Depending on the company, training data may include:
Publicly available information
Licensed datasets
Proprietary datasets
Customer-provided information
User-generated content
Internal business records
Third-party content
The specific composition of a training dataset can vary significantly from one company to another.
For this reason, lawyers frequently begin diligence by understanding exactly what types of data were used.
Why Ownership Questions Can Be Difficult
One reason training data attracts attention during acquisitions is that data rights may involve multiple layers.
For example:
A company may collect data itself.
A company may license data from third parties.
A company may receive data through commercial agreements.
A company may use publicly available information subject to terms of use.
A company may rely on vendor-provided datasets.
As a result, lawyers often focus on understanding the rights associated with each category of data rather than assuming a single ownership model applies to all datasets.
Many legal commentators note that questions involving data rights can be highly fact-specific.
Source: https://www.goodwinlaw.com/en/insights
Why Buyers Are Expanding AI Due Diligence
Traditional technology due diligence often focuses on:
Intellectual property
Software ownership
Commercial contracts
Regulatory compliance
Cybersecurity
Today, AI acquisitions frequently involve additional diligence focused specifically on training data.
Buyers increasingly review:
Data sources
Licensing agreements
Vendor contracts
Data governance policies
Data retention practices
Internal documentation
Usage permissions
The goal is generally to understand how data supports the company's AI systems and whether material risks may exist.
Common Questions Asked During Training Data Reviews
Many AI transaction teams now maintain dedicated diligence checklists.
These reviews often include questions such as:
Where Did the Data Come From?
Understanding data origin is frequently a starting point for diligence.
Buyers often seek visibility regarding:
Internal datasets
Commercial datasets
Open-source datasets
Customer datasets
Publicly available information
Are There License Restrictions?
Not all data is used under the same terms.
Some datasets may be subject to:
License agreements
Vendor contracts
Usage limitations
Renewal obligations
Access restrictions
Reviewing these agreements can help buyers better understand future operational considerations.

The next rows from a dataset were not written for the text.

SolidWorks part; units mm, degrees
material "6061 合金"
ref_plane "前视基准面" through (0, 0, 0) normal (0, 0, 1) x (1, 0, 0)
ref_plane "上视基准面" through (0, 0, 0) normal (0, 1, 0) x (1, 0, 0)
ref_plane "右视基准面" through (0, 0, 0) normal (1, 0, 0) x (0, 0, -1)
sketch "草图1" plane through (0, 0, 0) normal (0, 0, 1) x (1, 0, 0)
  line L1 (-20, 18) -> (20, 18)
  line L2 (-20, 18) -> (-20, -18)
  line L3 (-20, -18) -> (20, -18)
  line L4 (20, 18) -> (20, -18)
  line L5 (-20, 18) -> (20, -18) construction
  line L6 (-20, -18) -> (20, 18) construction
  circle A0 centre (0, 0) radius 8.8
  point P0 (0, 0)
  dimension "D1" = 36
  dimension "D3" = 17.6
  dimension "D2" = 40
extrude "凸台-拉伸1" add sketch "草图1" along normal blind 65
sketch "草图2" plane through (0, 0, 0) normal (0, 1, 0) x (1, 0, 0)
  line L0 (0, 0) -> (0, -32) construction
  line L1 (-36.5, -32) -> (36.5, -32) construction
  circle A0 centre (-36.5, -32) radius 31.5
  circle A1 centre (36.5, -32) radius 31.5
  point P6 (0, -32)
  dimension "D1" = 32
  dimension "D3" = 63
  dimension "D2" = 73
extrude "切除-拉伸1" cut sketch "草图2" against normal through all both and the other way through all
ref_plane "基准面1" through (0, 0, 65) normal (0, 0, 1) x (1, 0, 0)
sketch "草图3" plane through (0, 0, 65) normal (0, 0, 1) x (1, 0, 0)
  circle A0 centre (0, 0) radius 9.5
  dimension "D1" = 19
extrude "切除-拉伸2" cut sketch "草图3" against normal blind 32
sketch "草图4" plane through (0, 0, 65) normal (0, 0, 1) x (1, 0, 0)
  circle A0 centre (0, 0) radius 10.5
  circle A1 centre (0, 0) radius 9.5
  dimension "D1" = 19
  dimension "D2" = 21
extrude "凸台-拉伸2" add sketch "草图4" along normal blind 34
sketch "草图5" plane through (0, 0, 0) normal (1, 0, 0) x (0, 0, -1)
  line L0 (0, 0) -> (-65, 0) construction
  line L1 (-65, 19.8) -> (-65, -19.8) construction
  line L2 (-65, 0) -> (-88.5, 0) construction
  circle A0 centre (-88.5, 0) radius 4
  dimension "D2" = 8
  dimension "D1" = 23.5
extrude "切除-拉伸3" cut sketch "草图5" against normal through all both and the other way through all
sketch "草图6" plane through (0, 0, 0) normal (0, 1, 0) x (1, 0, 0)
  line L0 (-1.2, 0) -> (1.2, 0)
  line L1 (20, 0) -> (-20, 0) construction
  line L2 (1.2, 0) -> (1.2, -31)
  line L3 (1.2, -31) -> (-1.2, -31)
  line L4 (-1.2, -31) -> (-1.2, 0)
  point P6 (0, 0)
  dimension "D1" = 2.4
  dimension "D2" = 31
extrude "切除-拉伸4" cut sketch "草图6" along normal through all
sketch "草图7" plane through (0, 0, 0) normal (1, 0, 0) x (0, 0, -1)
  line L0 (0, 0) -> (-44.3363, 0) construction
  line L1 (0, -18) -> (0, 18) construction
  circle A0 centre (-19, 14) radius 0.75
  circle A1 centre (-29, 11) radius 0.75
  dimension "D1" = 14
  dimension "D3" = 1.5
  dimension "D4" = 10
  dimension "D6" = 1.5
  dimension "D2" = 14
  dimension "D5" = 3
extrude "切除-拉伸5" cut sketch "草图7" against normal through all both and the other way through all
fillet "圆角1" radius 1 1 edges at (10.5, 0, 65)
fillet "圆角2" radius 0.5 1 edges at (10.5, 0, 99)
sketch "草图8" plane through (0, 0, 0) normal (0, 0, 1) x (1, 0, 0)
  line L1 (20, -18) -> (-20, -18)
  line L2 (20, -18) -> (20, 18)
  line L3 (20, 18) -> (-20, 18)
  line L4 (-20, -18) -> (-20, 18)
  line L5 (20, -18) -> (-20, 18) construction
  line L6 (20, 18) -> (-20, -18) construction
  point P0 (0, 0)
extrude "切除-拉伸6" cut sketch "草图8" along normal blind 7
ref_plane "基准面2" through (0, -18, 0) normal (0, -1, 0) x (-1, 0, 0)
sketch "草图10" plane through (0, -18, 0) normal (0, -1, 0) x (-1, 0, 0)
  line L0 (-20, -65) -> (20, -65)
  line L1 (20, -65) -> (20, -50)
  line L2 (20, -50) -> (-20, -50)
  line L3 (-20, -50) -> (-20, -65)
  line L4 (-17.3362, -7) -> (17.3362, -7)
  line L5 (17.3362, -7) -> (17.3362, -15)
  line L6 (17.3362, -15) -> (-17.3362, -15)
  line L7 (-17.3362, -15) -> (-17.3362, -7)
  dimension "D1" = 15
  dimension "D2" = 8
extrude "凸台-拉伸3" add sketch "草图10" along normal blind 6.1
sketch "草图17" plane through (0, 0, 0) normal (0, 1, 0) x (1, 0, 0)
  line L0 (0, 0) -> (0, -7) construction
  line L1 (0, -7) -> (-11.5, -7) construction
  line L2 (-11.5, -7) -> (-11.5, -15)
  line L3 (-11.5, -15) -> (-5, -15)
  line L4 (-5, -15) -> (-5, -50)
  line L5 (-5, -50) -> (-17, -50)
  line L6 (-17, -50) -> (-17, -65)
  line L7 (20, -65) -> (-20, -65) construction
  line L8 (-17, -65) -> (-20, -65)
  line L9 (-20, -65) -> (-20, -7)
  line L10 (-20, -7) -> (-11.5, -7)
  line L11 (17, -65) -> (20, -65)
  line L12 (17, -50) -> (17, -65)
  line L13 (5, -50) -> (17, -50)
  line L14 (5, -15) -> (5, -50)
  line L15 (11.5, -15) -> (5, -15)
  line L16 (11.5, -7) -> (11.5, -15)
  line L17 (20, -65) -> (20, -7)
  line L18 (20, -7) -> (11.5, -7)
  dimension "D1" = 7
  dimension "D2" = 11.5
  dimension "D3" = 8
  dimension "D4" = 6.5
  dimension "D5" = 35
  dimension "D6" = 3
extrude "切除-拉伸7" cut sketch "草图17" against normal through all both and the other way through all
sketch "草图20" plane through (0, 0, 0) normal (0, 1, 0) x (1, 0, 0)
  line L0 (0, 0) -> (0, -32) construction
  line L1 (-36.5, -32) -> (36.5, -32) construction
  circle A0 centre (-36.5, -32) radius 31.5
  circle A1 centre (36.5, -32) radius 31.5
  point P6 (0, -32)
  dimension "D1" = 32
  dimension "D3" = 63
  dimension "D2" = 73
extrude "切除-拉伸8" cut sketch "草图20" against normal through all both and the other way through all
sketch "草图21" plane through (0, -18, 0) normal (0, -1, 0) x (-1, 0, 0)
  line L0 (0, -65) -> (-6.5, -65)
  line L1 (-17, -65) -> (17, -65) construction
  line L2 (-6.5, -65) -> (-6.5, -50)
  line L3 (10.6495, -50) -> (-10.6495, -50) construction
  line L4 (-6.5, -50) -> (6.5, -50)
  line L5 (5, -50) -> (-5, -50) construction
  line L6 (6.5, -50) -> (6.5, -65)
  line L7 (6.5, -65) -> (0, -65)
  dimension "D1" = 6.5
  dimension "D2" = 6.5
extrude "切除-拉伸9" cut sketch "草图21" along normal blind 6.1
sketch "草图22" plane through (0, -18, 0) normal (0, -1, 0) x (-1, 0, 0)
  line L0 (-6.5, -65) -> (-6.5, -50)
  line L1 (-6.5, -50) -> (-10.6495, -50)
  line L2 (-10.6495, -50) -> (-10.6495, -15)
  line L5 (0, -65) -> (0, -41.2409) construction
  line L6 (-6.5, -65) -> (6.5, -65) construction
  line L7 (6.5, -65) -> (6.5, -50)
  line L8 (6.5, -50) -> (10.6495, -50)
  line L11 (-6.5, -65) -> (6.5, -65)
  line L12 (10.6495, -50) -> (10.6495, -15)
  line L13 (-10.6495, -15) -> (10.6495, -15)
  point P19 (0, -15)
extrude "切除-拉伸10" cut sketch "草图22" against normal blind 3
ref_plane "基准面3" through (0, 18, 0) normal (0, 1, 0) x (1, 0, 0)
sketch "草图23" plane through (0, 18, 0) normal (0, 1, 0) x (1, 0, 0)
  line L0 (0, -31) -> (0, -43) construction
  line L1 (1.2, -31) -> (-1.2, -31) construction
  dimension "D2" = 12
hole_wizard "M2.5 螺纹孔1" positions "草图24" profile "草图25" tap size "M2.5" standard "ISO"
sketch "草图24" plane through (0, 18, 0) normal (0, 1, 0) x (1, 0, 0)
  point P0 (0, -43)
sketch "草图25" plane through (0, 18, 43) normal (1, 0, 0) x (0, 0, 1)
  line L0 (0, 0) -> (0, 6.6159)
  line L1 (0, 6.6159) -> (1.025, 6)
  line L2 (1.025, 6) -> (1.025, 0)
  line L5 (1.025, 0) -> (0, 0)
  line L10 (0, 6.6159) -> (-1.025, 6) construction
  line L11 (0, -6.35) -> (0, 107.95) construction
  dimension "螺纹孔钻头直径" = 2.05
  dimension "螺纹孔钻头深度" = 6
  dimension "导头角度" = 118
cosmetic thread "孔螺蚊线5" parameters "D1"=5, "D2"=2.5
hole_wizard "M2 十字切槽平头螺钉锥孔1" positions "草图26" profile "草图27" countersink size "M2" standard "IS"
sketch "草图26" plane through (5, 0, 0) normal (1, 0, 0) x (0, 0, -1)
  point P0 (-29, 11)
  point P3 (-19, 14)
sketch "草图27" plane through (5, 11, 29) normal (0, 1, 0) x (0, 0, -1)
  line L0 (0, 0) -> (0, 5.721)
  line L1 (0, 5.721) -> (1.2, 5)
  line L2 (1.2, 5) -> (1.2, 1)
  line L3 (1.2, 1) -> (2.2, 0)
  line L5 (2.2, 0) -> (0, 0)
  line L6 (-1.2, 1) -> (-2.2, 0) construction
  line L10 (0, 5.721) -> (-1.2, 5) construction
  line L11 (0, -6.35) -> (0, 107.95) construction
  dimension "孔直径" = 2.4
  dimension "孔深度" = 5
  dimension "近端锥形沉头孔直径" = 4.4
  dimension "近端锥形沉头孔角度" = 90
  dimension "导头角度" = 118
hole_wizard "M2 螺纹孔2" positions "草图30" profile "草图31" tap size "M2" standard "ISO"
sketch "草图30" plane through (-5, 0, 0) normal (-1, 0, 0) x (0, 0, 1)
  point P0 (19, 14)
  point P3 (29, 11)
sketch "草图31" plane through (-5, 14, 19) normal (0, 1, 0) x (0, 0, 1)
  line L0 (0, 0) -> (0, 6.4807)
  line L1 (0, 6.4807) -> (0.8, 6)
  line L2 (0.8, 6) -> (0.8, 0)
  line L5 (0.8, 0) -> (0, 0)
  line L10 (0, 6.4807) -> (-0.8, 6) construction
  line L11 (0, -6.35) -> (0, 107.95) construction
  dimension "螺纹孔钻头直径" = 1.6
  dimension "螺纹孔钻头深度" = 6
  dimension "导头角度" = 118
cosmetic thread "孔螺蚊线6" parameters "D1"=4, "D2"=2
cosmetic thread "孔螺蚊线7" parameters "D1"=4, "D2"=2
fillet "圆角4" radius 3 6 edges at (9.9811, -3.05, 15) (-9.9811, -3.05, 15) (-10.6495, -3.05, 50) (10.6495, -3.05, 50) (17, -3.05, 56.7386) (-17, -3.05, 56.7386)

Are Third-Party Providers Involved?
Many AI companies rely on external providers for at least part of their data infrastructure.
Transaction teams may review:
Vendor agreements
Data supply contracts
Commercial licensing arrangements
Platform dependencies
Understanding these relationships can become an important part of transaction planning.
Why Documentation Is Becoming More Important
One recurring theme in AI due diligence is documentation.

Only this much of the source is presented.